■ TO DO
Note every line in the entries that contains the string "FunctionName", and copy it.
[SUPPLIED DATA — start]
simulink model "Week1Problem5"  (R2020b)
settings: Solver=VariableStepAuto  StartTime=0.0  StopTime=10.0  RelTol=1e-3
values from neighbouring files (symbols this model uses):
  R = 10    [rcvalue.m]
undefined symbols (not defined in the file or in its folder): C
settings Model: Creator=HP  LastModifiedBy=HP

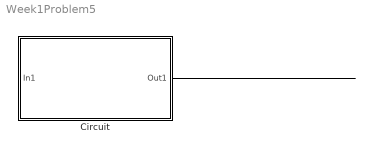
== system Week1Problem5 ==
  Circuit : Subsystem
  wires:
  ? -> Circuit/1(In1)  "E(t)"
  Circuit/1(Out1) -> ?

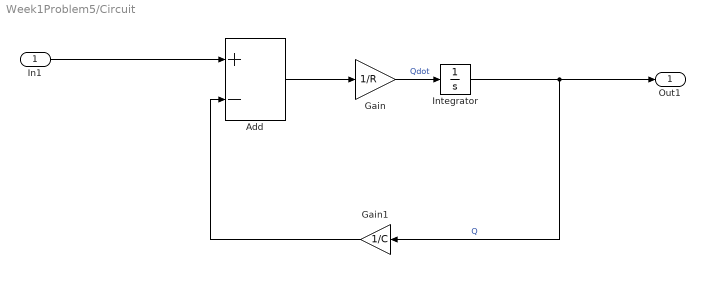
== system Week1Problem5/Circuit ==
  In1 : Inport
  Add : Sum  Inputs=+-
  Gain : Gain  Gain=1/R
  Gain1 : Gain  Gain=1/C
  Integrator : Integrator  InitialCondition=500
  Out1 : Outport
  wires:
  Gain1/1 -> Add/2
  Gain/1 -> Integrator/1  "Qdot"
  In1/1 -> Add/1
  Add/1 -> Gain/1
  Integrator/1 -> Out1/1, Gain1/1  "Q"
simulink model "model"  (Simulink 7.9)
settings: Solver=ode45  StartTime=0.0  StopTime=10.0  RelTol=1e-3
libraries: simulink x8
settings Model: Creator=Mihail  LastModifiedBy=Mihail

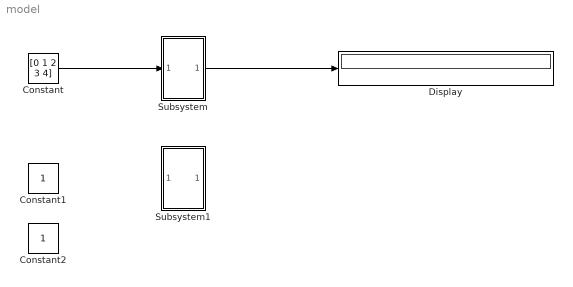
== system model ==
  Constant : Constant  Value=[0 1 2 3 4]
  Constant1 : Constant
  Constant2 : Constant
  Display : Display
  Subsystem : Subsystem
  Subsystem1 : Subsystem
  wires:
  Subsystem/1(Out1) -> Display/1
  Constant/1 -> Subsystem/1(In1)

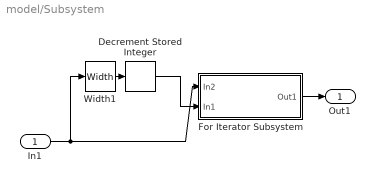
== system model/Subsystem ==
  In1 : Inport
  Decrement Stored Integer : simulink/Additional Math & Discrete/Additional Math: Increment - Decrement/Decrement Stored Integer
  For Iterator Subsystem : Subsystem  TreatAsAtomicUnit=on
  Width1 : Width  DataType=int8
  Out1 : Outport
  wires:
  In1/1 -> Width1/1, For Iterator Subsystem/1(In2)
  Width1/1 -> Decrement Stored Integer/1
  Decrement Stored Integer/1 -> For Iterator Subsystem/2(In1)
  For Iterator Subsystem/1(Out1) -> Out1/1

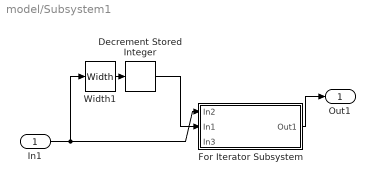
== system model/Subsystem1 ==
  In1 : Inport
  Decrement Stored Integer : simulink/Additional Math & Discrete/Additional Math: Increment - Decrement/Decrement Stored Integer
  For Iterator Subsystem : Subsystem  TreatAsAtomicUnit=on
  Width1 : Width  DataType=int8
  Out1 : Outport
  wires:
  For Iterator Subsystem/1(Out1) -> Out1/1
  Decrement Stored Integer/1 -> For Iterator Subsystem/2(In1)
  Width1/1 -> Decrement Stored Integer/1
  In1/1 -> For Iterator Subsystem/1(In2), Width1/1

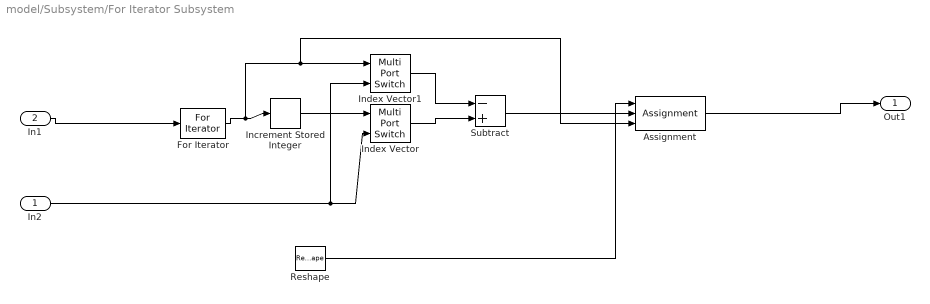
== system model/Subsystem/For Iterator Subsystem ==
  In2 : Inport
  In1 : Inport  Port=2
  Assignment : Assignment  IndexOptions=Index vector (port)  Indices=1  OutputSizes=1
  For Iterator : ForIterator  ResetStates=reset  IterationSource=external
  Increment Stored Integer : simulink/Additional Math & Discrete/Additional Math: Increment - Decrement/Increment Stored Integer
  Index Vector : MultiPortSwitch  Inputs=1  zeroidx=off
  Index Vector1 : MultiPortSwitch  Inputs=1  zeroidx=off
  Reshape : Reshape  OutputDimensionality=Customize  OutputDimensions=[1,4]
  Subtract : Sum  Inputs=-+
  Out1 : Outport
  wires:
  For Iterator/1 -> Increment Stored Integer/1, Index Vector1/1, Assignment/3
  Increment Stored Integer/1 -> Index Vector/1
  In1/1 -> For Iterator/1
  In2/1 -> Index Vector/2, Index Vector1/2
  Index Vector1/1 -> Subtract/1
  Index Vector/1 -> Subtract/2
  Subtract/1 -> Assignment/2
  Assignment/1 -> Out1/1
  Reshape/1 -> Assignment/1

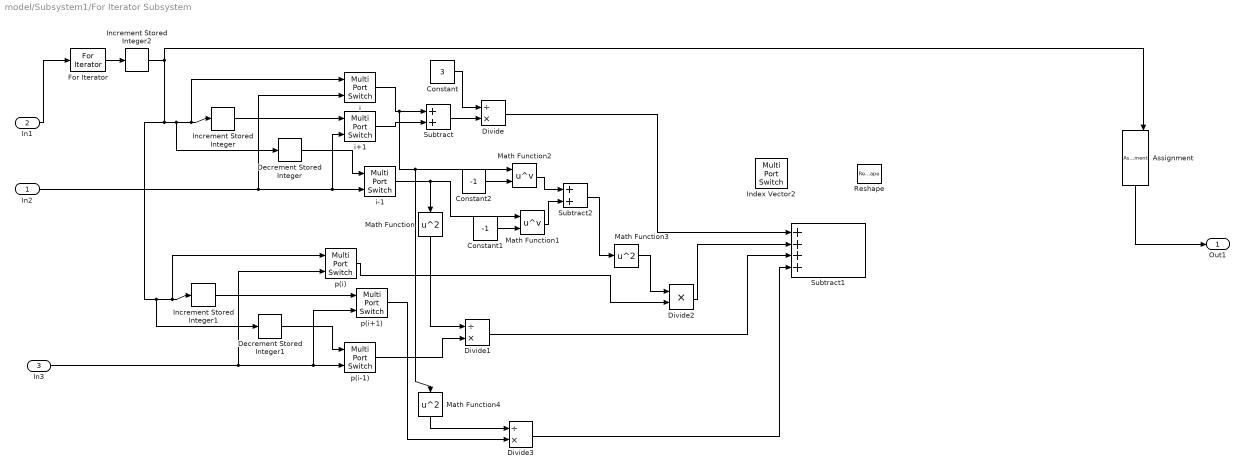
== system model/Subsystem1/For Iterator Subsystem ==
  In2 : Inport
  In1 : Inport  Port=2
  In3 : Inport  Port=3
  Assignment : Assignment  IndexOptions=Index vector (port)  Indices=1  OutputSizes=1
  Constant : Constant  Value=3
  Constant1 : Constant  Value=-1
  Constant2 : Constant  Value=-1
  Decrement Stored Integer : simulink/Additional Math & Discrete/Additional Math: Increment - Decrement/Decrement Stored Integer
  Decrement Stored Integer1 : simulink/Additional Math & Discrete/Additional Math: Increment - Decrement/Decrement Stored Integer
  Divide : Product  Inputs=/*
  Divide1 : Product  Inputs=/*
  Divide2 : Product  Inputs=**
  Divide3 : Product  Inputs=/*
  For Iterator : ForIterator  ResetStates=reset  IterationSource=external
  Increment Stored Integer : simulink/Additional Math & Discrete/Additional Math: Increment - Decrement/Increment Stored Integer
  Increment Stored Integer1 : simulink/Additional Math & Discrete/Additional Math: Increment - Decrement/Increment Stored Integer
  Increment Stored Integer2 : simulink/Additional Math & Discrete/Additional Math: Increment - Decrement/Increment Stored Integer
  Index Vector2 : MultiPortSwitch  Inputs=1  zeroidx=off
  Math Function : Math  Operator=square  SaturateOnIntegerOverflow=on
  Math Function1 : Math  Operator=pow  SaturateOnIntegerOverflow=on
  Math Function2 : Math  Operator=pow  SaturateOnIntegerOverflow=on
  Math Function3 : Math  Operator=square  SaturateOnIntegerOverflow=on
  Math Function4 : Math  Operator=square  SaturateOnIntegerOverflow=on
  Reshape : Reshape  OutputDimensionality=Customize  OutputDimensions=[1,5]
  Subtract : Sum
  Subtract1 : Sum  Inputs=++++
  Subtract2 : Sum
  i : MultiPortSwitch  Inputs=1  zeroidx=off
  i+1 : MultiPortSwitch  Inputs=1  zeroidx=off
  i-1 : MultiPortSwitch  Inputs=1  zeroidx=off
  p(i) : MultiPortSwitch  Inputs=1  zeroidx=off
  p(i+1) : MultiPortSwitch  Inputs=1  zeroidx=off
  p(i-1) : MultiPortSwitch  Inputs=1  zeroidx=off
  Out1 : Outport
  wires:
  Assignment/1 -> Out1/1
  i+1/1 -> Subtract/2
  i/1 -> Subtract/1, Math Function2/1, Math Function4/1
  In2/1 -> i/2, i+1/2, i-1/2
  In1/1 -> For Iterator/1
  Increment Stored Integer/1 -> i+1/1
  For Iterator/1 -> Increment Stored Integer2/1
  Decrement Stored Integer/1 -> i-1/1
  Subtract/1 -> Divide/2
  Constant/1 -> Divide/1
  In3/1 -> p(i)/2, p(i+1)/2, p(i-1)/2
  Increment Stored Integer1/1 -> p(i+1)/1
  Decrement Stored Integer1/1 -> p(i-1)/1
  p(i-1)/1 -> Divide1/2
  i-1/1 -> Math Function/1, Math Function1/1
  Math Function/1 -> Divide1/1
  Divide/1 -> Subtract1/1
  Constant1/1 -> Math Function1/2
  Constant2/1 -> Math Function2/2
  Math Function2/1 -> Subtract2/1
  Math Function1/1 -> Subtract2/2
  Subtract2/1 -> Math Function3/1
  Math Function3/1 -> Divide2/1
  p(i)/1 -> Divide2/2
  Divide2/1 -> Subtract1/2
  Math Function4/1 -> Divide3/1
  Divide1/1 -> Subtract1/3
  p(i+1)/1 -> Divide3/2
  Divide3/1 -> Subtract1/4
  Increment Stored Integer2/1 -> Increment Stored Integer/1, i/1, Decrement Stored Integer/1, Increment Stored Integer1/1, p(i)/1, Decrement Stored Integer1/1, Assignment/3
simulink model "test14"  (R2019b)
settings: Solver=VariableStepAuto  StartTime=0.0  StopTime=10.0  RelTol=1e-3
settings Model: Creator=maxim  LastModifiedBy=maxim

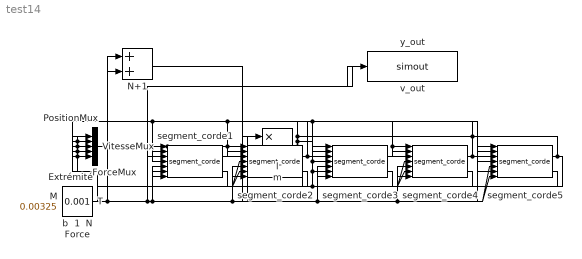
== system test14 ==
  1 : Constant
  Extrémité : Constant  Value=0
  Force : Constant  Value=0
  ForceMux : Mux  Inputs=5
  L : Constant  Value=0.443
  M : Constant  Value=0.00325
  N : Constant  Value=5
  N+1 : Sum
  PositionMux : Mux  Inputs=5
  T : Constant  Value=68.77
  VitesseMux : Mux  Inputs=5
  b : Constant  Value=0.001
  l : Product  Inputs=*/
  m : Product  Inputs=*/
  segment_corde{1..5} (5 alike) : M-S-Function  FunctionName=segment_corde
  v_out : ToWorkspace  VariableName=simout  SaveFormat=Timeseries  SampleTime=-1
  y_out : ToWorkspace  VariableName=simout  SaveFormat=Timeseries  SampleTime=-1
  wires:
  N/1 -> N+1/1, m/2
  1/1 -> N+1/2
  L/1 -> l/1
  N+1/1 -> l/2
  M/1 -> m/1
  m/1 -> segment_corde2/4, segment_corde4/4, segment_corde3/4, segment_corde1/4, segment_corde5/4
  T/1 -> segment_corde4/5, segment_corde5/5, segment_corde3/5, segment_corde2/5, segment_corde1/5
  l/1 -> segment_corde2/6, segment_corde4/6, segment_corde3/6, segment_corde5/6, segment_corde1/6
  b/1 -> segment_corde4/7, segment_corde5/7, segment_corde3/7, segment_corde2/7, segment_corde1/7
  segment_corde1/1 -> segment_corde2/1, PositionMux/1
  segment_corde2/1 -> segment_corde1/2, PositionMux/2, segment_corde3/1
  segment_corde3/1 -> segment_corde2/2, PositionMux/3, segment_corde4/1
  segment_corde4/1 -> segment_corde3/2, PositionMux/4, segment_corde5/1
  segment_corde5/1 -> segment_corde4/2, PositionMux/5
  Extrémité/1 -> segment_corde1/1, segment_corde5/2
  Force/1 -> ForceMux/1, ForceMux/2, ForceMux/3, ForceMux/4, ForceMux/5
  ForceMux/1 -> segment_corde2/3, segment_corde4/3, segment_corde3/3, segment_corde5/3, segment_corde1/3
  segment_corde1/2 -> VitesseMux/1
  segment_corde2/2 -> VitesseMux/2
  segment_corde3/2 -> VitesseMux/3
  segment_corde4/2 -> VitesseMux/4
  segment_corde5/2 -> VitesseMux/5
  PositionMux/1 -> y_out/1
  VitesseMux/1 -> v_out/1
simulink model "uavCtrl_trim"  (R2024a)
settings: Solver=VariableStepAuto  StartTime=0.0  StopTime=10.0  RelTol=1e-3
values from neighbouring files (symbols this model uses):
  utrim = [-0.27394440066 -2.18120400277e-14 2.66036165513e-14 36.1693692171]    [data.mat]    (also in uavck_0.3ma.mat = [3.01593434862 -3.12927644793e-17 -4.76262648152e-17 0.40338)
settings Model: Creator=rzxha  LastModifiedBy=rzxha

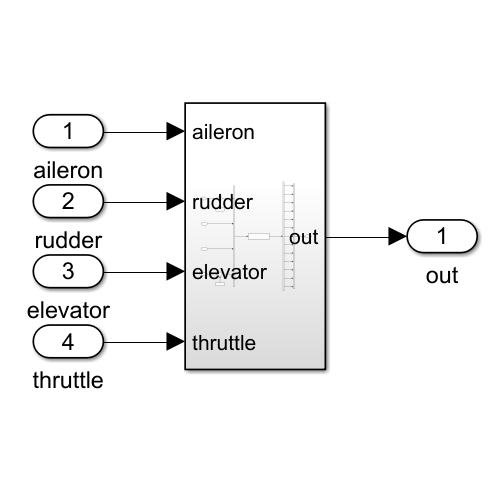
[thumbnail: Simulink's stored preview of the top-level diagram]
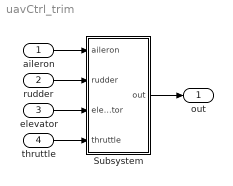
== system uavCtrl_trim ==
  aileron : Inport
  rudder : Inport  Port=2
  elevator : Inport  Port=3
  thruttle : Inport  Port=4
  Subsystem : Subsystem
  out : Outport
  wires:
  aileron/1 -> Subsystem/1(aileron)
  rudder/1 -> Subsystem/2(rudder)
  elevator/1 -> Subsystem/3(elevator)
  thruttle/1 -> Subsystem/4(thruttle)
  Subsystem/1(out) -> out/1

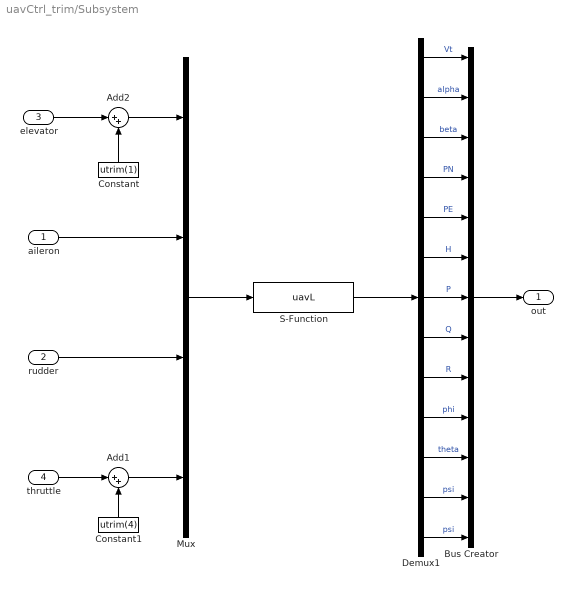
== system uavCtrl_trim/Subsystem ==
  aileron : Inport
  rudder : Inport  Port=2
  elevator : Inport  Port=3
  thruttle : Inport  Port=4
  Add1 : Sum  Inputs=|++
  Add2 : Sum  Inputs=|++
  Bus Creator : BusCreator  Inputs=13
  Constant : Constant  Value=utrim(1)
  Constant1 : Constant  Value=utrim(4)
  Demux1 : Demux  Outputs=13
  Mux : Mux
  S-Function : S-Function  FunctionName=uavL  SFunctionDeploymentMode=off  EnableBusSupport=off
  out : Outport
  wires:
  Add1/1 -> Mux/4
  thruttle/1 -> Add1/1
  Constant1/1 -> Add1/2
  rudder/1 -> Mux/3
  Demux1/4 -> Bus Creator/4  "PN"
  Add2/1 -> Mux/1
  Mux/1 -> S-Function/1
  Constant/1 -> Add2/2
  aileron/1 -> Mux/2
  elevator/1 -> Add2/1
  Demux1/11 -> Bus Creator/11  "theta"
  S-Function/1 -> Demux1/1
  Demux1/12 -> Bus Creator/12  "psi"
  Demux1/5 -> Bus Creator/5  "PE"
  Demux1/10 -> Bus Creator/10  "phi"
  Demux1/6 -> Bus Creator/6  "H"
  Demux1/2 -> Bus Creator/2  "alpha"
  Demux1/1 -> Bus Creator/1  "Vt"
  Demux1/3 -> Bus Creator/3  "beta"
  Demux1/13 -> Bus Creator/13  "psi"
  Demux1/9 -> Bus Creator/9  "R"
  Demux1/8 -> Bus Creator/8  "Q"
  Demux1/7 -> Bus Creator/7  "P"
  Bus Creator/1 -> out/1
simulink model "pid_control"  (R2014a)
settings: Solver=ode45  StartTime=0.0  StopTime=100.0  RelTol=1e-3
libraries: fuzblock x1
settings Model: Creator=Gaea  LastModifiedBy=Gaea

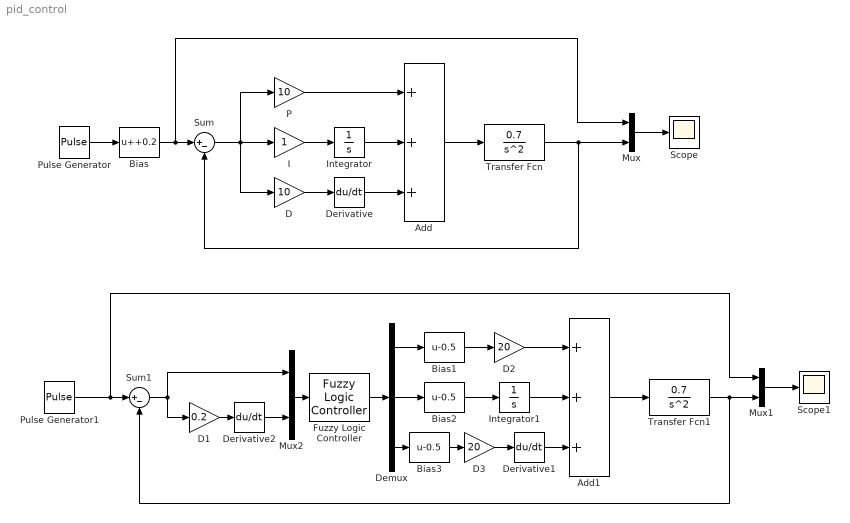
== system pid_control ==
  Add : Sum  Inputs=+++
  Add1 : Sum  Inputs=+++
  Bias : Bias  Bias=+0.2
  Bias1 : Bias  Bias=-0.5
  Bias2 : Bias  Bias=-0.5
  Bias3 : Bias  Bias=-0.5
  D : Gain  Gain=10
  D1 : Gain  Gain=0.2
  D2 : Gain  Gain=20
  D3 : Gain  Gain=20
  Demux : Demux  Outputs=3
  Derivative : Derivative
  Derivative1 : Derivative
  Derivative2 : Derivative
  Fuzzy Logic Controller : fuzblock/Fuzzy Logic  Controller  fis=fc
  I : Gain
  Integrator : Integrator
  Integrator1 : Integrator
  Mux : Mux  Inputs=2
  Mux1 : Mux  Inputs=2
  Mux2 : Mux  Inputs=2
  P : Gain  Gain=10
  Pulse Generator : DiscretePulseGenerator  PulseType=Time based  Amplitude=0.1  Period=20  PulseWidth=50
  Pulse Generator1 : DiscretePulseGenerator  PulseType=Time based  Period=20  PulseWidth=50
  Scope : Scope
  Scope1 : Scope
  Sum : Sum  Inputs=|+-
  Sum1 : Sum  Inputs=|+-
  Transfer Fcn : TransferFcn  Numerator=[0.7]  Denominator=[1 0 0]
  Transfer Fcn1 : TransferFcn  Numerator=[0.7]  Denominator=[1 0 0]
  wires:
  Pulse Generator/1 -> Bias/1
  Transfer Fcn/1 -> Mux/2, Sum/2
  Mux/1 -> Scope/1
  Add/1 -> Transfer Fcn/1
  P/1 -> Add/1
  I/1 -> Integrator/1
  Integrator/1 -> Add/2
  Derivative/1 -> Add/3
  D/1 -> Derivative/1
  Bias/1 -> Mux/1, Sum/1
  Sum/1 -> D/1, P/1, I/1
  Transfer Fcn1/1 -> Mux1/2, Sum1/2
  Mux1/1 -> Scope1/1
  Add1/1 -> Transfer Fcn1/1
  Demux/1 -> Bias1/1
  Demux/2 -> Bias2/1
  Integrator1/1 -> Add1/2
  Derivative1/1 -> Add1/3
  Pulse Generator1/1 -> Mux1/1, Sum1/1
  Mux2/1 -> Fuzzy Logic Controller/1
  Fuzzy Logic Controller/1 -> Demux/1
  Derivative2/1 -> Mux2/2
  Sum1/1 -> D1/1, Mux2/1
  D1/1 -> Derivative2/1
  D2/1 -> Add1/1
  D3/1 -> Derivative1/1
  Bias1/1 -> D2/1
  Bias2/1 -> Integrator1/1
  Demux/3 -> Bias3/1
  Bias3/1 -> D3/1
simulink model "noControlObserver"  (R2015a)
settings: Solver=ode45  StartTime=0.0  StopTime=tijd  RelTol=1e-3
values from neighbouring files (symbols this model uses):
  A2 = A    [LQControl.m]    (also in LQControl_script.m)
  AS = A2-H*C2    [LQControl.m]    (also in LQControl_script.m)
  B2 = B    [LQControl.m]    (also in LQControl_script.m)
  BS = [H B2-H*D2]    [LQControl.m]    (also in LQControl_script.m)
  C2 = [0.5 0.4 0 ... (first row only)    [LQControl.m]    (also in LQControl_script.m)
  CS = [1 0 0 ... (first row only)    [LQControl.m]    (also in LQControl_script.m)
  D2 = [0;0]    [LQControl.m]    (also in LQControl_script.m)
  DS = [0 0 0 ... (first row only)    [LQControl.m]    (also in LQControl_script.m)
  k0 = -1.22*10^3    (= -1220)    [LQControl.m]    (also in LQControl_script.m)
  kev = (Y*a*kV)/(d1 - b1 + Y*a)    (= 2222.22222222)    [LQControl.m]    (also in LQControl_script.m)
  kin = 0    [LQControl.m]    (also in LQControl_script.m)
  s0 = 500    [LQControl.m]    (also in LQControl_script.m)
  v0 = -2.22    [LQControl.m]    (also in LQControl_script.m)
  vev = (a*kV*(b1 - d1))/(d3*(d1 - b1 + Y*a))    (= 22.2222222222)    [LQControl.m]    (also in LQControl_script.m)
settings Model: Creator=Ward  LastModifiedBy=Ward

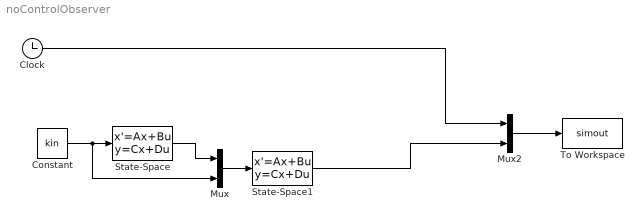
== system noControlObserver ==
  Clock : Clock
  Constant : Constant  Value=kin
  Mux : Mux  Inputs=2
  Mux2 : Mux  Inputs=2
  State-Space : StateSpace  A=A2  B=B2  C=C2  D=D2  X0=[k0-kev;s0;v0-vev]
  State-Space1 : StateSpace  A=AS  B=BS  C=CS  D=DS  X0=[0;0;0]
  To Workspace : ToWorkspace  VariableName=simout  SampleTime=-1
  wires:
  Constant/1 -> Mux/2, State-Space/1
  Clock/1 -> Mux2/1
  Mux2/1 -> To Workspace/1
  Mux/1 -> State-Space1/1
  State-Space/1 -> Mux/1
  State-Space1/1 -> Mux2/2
[SUPPLIED DATA — finish]
■ YOUR RESPONSE
  segment_corde{1..5} (5 alike) : M-S-Function  FunctionName=segment_corde
  S-Function : S-Function  FunctionName=uavL  SFunctionDeploymentMode=off  EnableBusSupport=off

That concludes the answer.